Tuesday, May 17, 2005

Ontological Classification

I contend that IT standards need to be organized around a taxonomy where taxonomy is defined as "classification into ordered groups or categories." The reason why taxonomy is necessary is to ensure that similar products which provide overlapping functionality cluster close together. The primary rationale for establishing IT standards is to reduce complexity and increase efficiencies through consolidation and improved collaboration.

While you'd think it impossible to imagine a more ugly word than taxonomy, I believe the IT industry may well have found one with the recent emergence in popularity of the term ontology. Defined as a branch of metaphysics, ontology is a term borrowed from philosophy that refers to the science of describing the kinds of entities in the world and how they are related.

The newfound appeal for this word ontology is probably the direct result of its usage within the next generation W3C initiative called the Semantic Web.

In Scientific American, May 2001, Tim Berners-Lee, original creator of the World Wide Web and inventor of HTML and HTTP, wrote:

The Semantic Web is an extension of the current web in which information is given well-defined meaning, better enabling computers and people to work in cooperation.

The Semantic Web's Ontology Language is intended to be used when the information contained in documents needs to be processed by applications, as opposed to situations where the content only needs to be presented to humans. This ontology language formally describes the meaning of terminology used in Web documents.

In an essay written by Clay Shirky entitled, "Ontology is Overrated: Categories, Links, and Tags", ontology is described as follows:

It is a rich irony that the word "ontology", which has to do with making clear and explicit statements about entities in a particular domain, has so many conflicting definitions. I'll offer two general ones.

The main thread of ontology in the philosophical sense is the study of entities and their relations. The question ontology asks is: What kinds of things exist in the world, and what manner of relations can those things have to each other? Ontology is less concerned with what is than with what is possible.

The knowledge management and AI communities have a related definition -- they've taken the word "ontology" and applied it more directly to their problem. The sense of ontology here is something like "an explicit specification of a conceptualization."

Shirky goes on to define categorization and classification as the act of organizing a collection of entities into related groups and ontological classification or categorization as organizing a set of entities into groups based on their essences and possible relations.

Chemistry's Periodic Table of Elements, organizing elemental atoms by the number of protons in their nucleus, is probably the best classification ever created.

Another famous example of categorization and classification is the Dewey Decimal Classification card catalogs used by American libraries.

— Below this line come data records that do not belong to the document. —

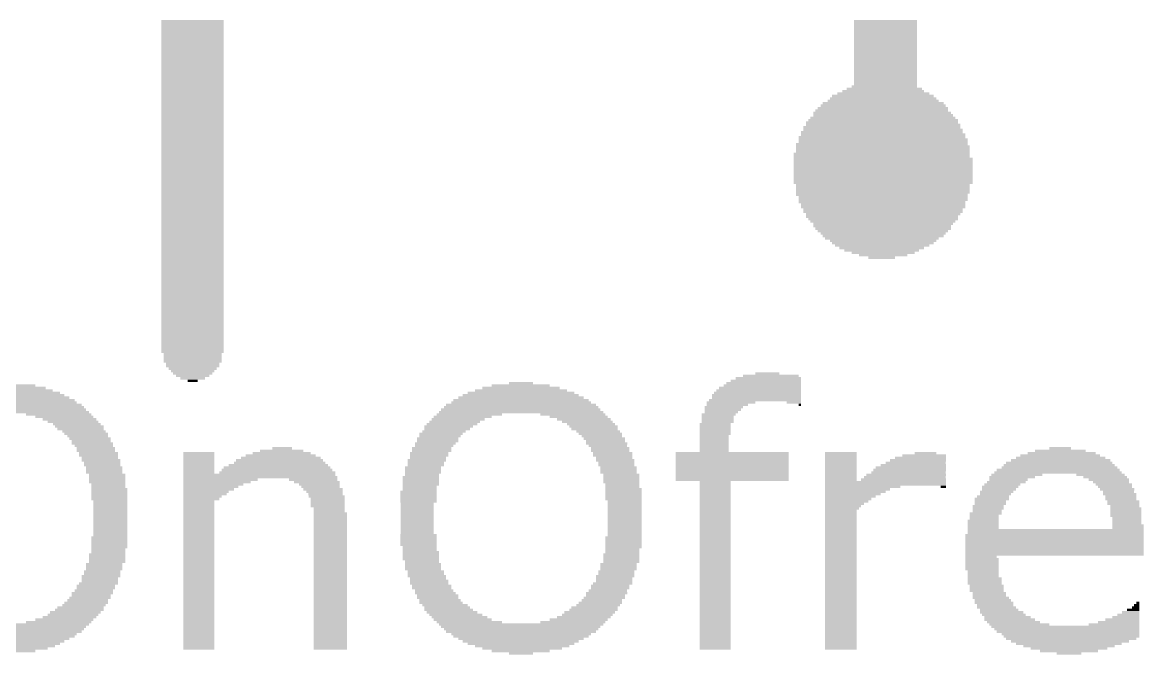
# Model space of a CAD drawing. Extents: x -0.2 to 45.5, y -0.1 to 78.5.
# Drawn here: x 27.613 to 31.544, y 41.16 to 43.378 of the extents above; entities that cross this region are included whole.
import ezdxf

# ---------------------------------------------------------------- set-up
doc = ezdxf.new("R2010")
doc.units = 0
doc.layers.add('21', color=253, linetype='CONTINUOUS')

# ---------------------------------------------------------------- blocks, each defined once
blk = doc.blocks.new('RECT')
blk.add_solid([(-0.5, -0.5), (0.5, -0.5), (-0.5, 0.5), (0.5, 0.5)])

msp = doc.modelspace()

# ---------------------------------------------------------------- block references
at = {"layer": '21'}
for p, xscale, yscale in [((28.2095, 43.3823), 0.2184, 0.0084), ((28.2095, 43.3739), 0.2184, 0.0084), ((28.2095, 43.3654), 0.2184, 0.0086), ((30.639, 43.3823), 0.221, 0.0084), ((30.639, 43.3739), 0.221, 0.0084), ((30.639, 43.3654), 0.221, 0.0086), ((28.2095, 43.3569), 0.2184, 0.0084), ((28.2095, 43.3485), 0.2184, 0.0084), ((28.2095, 43.34), 0.2184, 0.0086), ((28.2095, 43.3315), 0.2184, 0.0084), ((30.639, 43.3569), 0.221, 0.0084), ((30.639, 43.3485), 0.221, 0.0084), ((30.639, 43.34), 0.221, 0.0086), ((30.639, 43.3315), 0.221, 0.0084), ((28.2095, 43.3231), 0.2184, 0.0084), ((28.2095, 43.3146), 0.2184, 0.0086), ((28.2095, 43.3061), 0.2184, 0.0084), ((28.2095, 43.2977), 0.2184, 0.0084), ((28.2095, 43.2892), 0.2184, 0.0086), ((30.639, 43.3231), 0.221, 0.0084), ((30.639, 43.3146), 0.221, 0.0086), ((30.639, 43.3061), 0.221, 0.0084), ((30.639, 43.2977), 0.221, 0.0084), ((30.639, 43.2892), 0.221, 0.0086), ((28.2095, 43.2807), 0.2184, 0.0084), ((28.2095, 43.2723), 0.2184, 0.0084), ((28.2095, 43.2638), 0.2184, 0.0086), ((28.2095, 43.2553), 0.2184, 0.0084), ((30.639, 43.2807), 0.221, 0.0084), ((30.639, 43.2723), 0.221, 0.0084), ((30.639, 43.2638), 0.221, 0.0086), ((30.639, 43.2553), 0.221, 0.0084), ((28.2095, 43.2469), 0.2184, 0.0084), ((28.2095, 43.2384), 0.2184, 0.0086), ((28.2095, 43.2299), 0.2184, 0.0084), ((28.2095, 43.2215), 0.2184, 0.0084), ((28.2095, 43.213), 0.2184, 0.0086), ((30.639, 43.2469), 0.221, 0.0084), ((30.639, 43.2384), 0.221, 0.0086), ((30.639, 43.2299), 0.221, 0.0084), ((30.639, 43.2215), 0.221, 0.0084), ((30.639, 43.213), 0.221, 0.0086), ((28.2095, 43.2045), 0.2184, 0.0084), ((28.2095, 43.1961), 0.2184, 0.0084), ((28.2095, 43.1876), 0.2184, 0.0086), ((28.2095, 43.1791), 0.2184, 0.0084), ((28.2095, 43.1707), 0.2184, 0.0084), ((30.639, 43.2045), 0.221, 0.0084), ((30.639, 43.1961), 0.221, 0.0084), ((30.639, 43.1876), 0.221, 0.0086), ((30.639, 43.1791), 0.221, 0.0084), ((30.639, 43.1707), 0.221, 0.0084), ((28.2095, 43.1622), 0.2184, 0.0086), ((28.2095, 43.1537), 0.2184, 0.0084), ((28.2095, 43.1453), 0.2184, 0.0084), ((28.2095, 43.1368), 0.2184, 0.0086), ((30.6313, 43.1368), 0.287, 0.0086), ((30.6352, 43.1453), 0.2642, 0.0084), ((30.6352, 43.1537), 0.2286, 0.0084), ((30.639, 43.1622), 0.221, 0.0086), ((28.2095, 43.1283), 0.2184, 0.0084), ((28.2095, 43.1199), 0.2184, 0.0084), ((28.2095, 43.1114), 0.2184, 0.0086), ((28.2095, 43.1029), 0.2184, 0.0084), ((28.2095, 43.0945), 0.2184, 0.0084), ((30.6313, 43.0945), 0.4242, 0.0084), ((30.6313, 43.1029), 0.3886, 0.0084), ((30.6313, 43.1114), 0.3734, 0.0086), ((30.6301, 43.1199), 0.3556, 0.0084), ((30.6313, 43.1283), 0.3226, 0.0084), ((28.2095, 43.086), 0.2184, 0.0086), ((28.2095, 43.0775), 0.2184, 0.0084), ((28.2095, 43.0691), 0.2184, 0.0084), ((28.2095, 43.0606), 0.2184, 0.0086), ((28.2095, 43.0521), 0.2184, 0.0084), ((30.6275, 43.0606), 0.4826, 0.0086), ((30.6313, 43.0521), 0.4902, 0.0084), ((30.6263, 43.0691), 0.4648, 0.0084), ((30.6301, 43.0775), 0.4572, 0.0084), ((30.6313, 43.086), 0.4394, 0.0086), ((28.2095, 43.0437), 0.2184, 0.0084), ((28.2095, 43.0352), 0.2184, 0.0086), ((28.2095, 43.0267), 0.2184, 0.0084), ((28.2095, 43.0183), 0.2184, 0.0084), ((30.6275, 43.0267), 0.5334, 0.0084), ((30.6313, 43.0183), 0.541, 0.0084), ((30.6313, 43.0352), 0.5258, 0.0086), ((30.6301, 43.0437), 0.508, 0.0084), ((28.2095, 43.0098), 0.2184, 0.0086), ((28.2095, 43.0013), 0.2184, 0.0084), ((28.2095, 42.9929), 0.2184, 0.0084), ((28.2095, 42.9844), 0.2184, 0.0086), ((28.2095, 42.9759), 0.2184, 0.0084), ((30.6275, 42.9759), 0.5842, 0.0084), ((30.6313, 42.9844), 0.5766, 0.0086), ((30.6263, 42.9929), 0.5664, 0.0084), ((30.6263, 43.0098), 0.5512, 0.0086), ((30.6301, 43.0013), 0.5588, 0.0084), ((28.2095, 42.9675), 0.2184, 0.0084), ((28.2095, 42.959), 0.2184, 0.0086), ((28.2095, 42.9505), 0.2184, 0.0084), ((28.2095, 42.9421), 0.2184, 0.0084), ((28.2095, 42.9336), 0.2184, 0.0086), ((30.6263, 42.9505), 0.602, 0.0084), ((30.6301, 42.9421), 0.6096, 0.0084), ((30.6301, 42.9336), 0.6096, 0.0086), ((30.6313, 42.9675), 0.5918, 0.0084), ((30.6313, 42.959), 0.5918, 0.0086), ((28.2095, 42.9251), 0.2184, 0.0084), ((28.2095, 42.9167), 0.2184, 0.0084), ((28.2095, 42.9082), 0.2184, 0.0086), ((28.2095, 42.8997), 0.2184, 0.0084), ((30.6313, 42.8997), 0.6274, 0.0084), ((30.6263, 42.9167), 0.6172, 0.0084), ((30.6263, 42.9082), 0.6172, 0.0086), ((30.6301, 42.9251), 0.6096, 0.0084), ((28.2095, 42.8913), 0.2184, 0.0084), ((28.2095, 42.8828), 0.2184, 0.0086), ((28.2095, 42.8743), 0.2184, 0.0084), ((28.2095, 42.8659), 0.2184, 0.0084), ((28.2095, 42.8574), 0.2184, 0.0086), ((30.6313, 42.8913), 0.6274, 0.0084), ((30.6313, 42.8828), 0.6274, 0.0086), ((30.6313, 42.8743), 0.6274, 0.0084), ((30.6313, 42.8659), 0.6274, 0.0084), ((30.6313, 42.8574), 0.6274, 0.0086), ((28.2095, 42.8489), 0.2184, 0.0084), ((28.2095, 42.8405), 0.2184, 0.0084), ((28.2095, 42.832), 0.2184, 0.0086), ((28.2095, 42.8235), 0.2184, 0.0084), ((28.2095, 42.8151), 0.2184, 0.0084), ((30.6313, 42.8489), 0.6274, 0.0084), ((30.6313, 42.8405), 0.6274, 0.0084), ((30.6313, 42.832), 0.6274, 0.0086), ((30.6313, 42.8235), 0.6274, 0.0084), ((30.6313, 42.8151), 0.6274, 0.0084), ((28.2095, 42.8066), 0.2184, 0.0086), ((28.2095, 42.7981), 0.2184, 0.0084), ((28.2095, 42.7897), 0.2184, 0.0084), ((28.2095, 42.7812), 0.2184, 0.0086), ((30.6301, 42.8066), 0.6096, 0.0086), ((30.6301, 42.7981), 0.6096, 0.0084), ((30.6301, 42.7897), 0.6096, 0.0084), ((30.6301, 42.7812), 0.6096, 0.0086), ((28.2095, 42.7727), 0.2184, 0.0084), ((28.2095, 42.7643), 0.2184, 0.0084), ((28.2095, 42.7558), 0.2184, 0.0086), ((28.2095, 42.7473), 0.2184, 0.0084), ((28.2095, 42.7389), 0.2184, 0.0084), ((30.6263, 42.7727), 0.602, 0.0084), ((30.6313, 42.7643), 0.5918, 0.0084), ((30.6313, 42.7558), 0.5918, 0.0086), ((30.6275, 42.7473), 0.5842, 0.0084), ((30.6313, 42.7389), 0.5766, 0.0084), ((28.2095, 42.7304), 0.2184, 0.0086), ((28.2095, 42.7219), 0.2184, 0.0084), ((28.2095, 42.7135), 0.2184, 0.0084), ((28.2095, 42.705), 0.2184, 0.0086), ((30.6313, 42.7304), 0.5766, 0.0086), ((30.6301, 42.7219), 0.5588, 0.0084), ((30.6301, 42.7135), 0.5588, 0.0084), ((30.6313, 42.705), 0.541, 0.0086), ((28.2095, 42.6965), 0.2184, 0.0084), ((28.2095, 42.6881), 0.2184, 0.0084), ((28.2095, 42.6796), 0.2184, 0.0086), ((28.2095, 42.6711), 0.2184, 0.0084), ((28.2095, 42.6627), 0.2184, 0.0084), ((30.6275, 42.6965), 0.5334, 0.0084), ((30.6313, 42.6881), 0.5258, 0.0084), ((30.6301, 42.6796), 0.508, 0.0086), ((30.6313, 42.6711), 0.4902, 0.0084), ((30.6275, 42.6627), 0.4826, 0.0084), ((28.2095, 42.6542), 0.2184, 0.0086), ((28.2095, 42.6457), 0.2184, 0.0084), ((28.2095, 42.6373), 0.2184, 0.0084), ((28.2095, 42.6288), 0.2184, 0.0086), ((28.2095, 42.6203), 0.2184, 0.0084), ((30.6313, 42.6542), 0.475, 0.0086), ((30.6301, 42.6457), 0.4572, 0.0084), ((30.6313, 42.6373), 0.4394, 0.0084), ((30.6313, 42.6288), 0.4242, 0.0086), ((30.6263, 42.6203), 0.3988, 0.0084), ((28.2095, 42.6119), 0.2184, 0.0084), ((28.2095, 42.6034), 0.2184, 0.0086), ((28.2095, 42.5949), 0.2184, 0.0084), ((28.2095, 42.5865), 0.2184, 0.0084), ((30.6313, 42.6119), 0.3734, 0.0084), ((30.6301, 42.6034), 0.3556, 0.0086), ((30.6275, 42.5949), 0.3302, 0.0084), ((30.6263, 42.5865), 0.2972, 0.0084), ((28.2095, 42.578), 0.2184, 0.0086), ((28.2095, 42.5695), 0.2184, 0.0084), ((28.2095, 42.5611), 0.2184, 0.0084), ((28.2095, 42.5526), 0.2184, 0.0086), ((28.2095, 42.5441), 0.2184, 0.0084), ((30.6263, 42.578), 0.2616, 0.0086), ((30.6313, 42.5695), 0.221, 0.0084), ((30.6313, 42.5611), 0.1702, 0.0084), ((30.6263, 42.5526), 0.094, 0.0086), ((28.2095, 42.5357), 0.2184, 0.0084), ((28.2095, 42.5272), 0.2184, 0.0086), ((28.2095, 42.5187), 0.2184, 0.0084), ((28.2095, 42.5103), 0.2184, 0.0084), ((28.2095, 42.5018), 0.2184, 0.0086), ((28.2095, 42.4933), 0.2184, 0.0084), ((28.2095, 42.4849), 0.2184, 0.0084), ((28.2095, 42.4764), 0.2184, 0.0086), ((28.2095, 42.4679), 0.2184, 0.0084), ((28.2095, 42.4595), 0.2184, 0.0084), ((28.2095, 42.451), 0.2184, 0.0086), ((28.2095, 42.4425), 0.2184, 0.0084), ((28.2095, 42.4341), 0.2184, 0.0084), ((28.2095, 42.4256), 0.2184, 0.0086), ((28.2095, 42.4171), 0.2184, 0.0084), ((28.2095, 42.4087), 0.2184, 0.0084), ((28.2095, 42.4002), 0.2184, 0.0086), ((28.2095, 42.3917), 0.2184, 0.0084), ((28.2095, 42.3833), 0.2184, 0.0084), ((28.2095, 42.3748), 0.2184, 0.0086), ((28.2095, 42.3663), 0.2184, 0.0084), ((28.2095, 42.3579), 0.2184, 0.0084), ((28.2095, 42.3494), 0.2184, 0.0086), ((28.2095, 42.3409), 0.2184, 0.0084), ((28.2095, 42.3325), 0.2184, 0.0084), ((28.2095, 42.324), 0.2184, 0.0086), ((28.2095, 42.3155), 0.2184, 0.0084), ((28.2095, 42.3071), 0.2184, 0.0084), ((28.2095, 42.2986), 0.2184, 0.0086), ((28.2095, 42.2901), 0.2184, 0.0084), ((28.2095, 42.2817), 0.2184, 0.0084), ((28.2095, 42.2732), 0.2184, 0.0086), ((28.2095, 42.2647), 0.2184, 0.0084), ((28.2095, 42.2563), 0.2184, 0.0084), ((28.2095, 42.2478), 0.2184, 0.0086), ((28.2095, 42.2393), 0.2184, 0.0084), ((28.2095, 42.2309), 0.2184, 0.0084), ((28.2095, 42.2224), 0.2184, 0.0086), ((28.2095, 42.2139), 0.2032, 0.0084), ((28.2095, 42.2055), 0.2032, 0.0084), ((28.2095, 42.197), 0.2032, 0.0086), ((28.2095, 42.1885), 0.2032, 0.0084), ((28.2095, 42.1801), 0.188, 0.0084), ((28.2095, 42.1716), 0.188, 0.0086), ((28.2095, 42.1631), 0.1676, 0.0084), ((28.2095, 42.1547), 0.1524, 0.0084), ((28.2095, 42.1462), 0.1372, 0.0086), ((28.2095, 42.1377), 0.1168, 0.0084), ((28.2095, 42.1293), 0.0864, 0.0084), ((28.2095, 42.1208), 0.0356, 0.0086), ((29.3613, 42.1123), 0.0838, 0.0084), ((30.2122, 42.1123), 0.2616, 0.0084), ((30.2199, 42.1208), 0.2464, 0.0086), ((30.2288, 42.1293), 0.2286, 0.0084), ((30.2376, 42.1377), 0.1956, 0.0084), ((30.2249, 42.1462), 0.0838, 0.0086), ((27.5567, 42.07), 0.4064, 0.0086), ((27.5579, 42.0785), 0.3734, 0.0084), ((27.5579, 42.0869), 0.3226, 0.0084), ((27.5579, 42.0954), 0.2718, 0.0086), ((27.5567, 42.1039), 0.2032, 0.0084), ((29.3601, 42.07), 0.4064, 0.0086), ((29.3613, 42.0785), 0.3734, 0.0084), ((29.3613, 42.0869), 0.3226, 0.0084), ((29.3613, 42.0954), 0.2718, 0.0086), ((29.3601, 42.1039), 0.2032, 0.0084), ((30.1868, 42.07), 0.3124, 0.0086), ((30.1907, 42.0785), 0.3048, 0.0084), ((30.1945, 42.0869), 0.2972, 0.0084), ((30.1995, 42.0954), 0.287, 0.0086), ((30.2072, 42.1039), 0.2718, 0.0084), ((27.5579, 42.0361), 0.5258, 0.0084), ((27.5579, 42.0446), 0.4902, 0.0086), ((27.5579, 42.0531), 0.475, 0.0084), ((27.5579, 42.0615), 0.4394, 0.0084), ((29.3613, 42.0361), 0.5258, 0.0084), ((29.3613, 42.0446), 0.4902, 0.0086), ((29.3613, 42.0531), 0.475, 0.0084), ((29.3613, 42.0615), 0.4394, 0.0084), ((30.0979, 42.0446), 0.1702, 0.0086), ((30.0852, 42.0361), 0.1448, 0.0084), ((30.1818, 42.0531), 0.3226, 0.0084), ((30.1868, 42.0615), 0.3124, 0.0084), ((30.3177, 42.0446), 0.0508, 0.0086), ((30.3392, 42.0361), 0.0076, 0.0084), ((27.5579, 42.0107), 0.5766, 0.0084), ((27.5567, 42.0192), 0.5588, 0.0086), ((27.5579, 42.0277), 0.541, 0.0084), ((27.7396, 42.0023), 0.2286, 0.0084), ((27.7599, 41.9938), 0.2032, 0.0086), ((29.1569, 41.9938), 0.2032, 0.0086), ((29.1797, 42.0023), 0.2286, 0.0084), ((29.3613, 42.0107), 0.5766, 0.0084), ((29.3601, 42.0192), 0.5588, 0.0086), ((29.3613, 42.0277), 0.541, 0.0084), ((29.543, 42.0023), 0.2286, 0.0084), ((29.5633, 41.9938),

Ontological classification works best when you need a domain-specific hierarchy with formal categories. To help make ontology a workable classification strategy, you need expert catalogers and coordinated expert users. On the other hand, if you've got a large, ill-defined corpus, naive users, catalogers who aren't experts, and no one to say authoritatively what's going on, then ontology is going to be a bad strategy. Based on this, it's not necessarily clear how good a fit the Semantic Web's Ontology Language will be. However, a Technology Architecture for specifying IT standards is an ideal candidate for ontological classification.

Look for example at IT Infrastructure. It consists of Clientware, Middleware, Serverware, Manageware, and Platforms, as illustrated below:

Click on the above image to view a more legible Flash version.

The $64,000 question is, how well does the above model describe infrastructure in terms of its descriptive and predictive value?


Anonymous Anonymous said...

Clay's points on When NOT to use formal Ontology makes sense to me. The points you are making in reference to the graphics will be helped if those graphics were visible to my IE browser.


5:07 PM  
Blogger ITscout said...

To view the graphic in detail, you have a couple of choices.

You can access the pdf version of the IT Infrastructure Roadmap poster and use Acrobat's Zoom In Tool.

Alternatively, you can login to ITscout and use Flash's Zoom In feature.

11:59 PM  
Blogger Jack Krupansky said...

I expect the confusion between the terms taxonomy and ontology will continue for quite some time.

The easy way to understand the difference is to think of an ontology as a vocabulary. The words you use to describe entities and their relationships and interactions. An ontology is essentially the set of characteristics or attributes used to describe entities. A taxonomy is a hierarchical categorization of entities based on *some* selected characteristics.

Taxonomy is nice when it actually elaborates some interesting entity characteristics, but a lot of situations have entities which don't nest cleanly into other than a relatively flat hierarchy.

Ontology is the right place to start; that's what a database architect does.

In the case of open semantic networks, some standards for ontology are essential. The actual taxonomy will evolve and "emerge" over time as actual entities come into existence that utilize the attributes described by the ontology.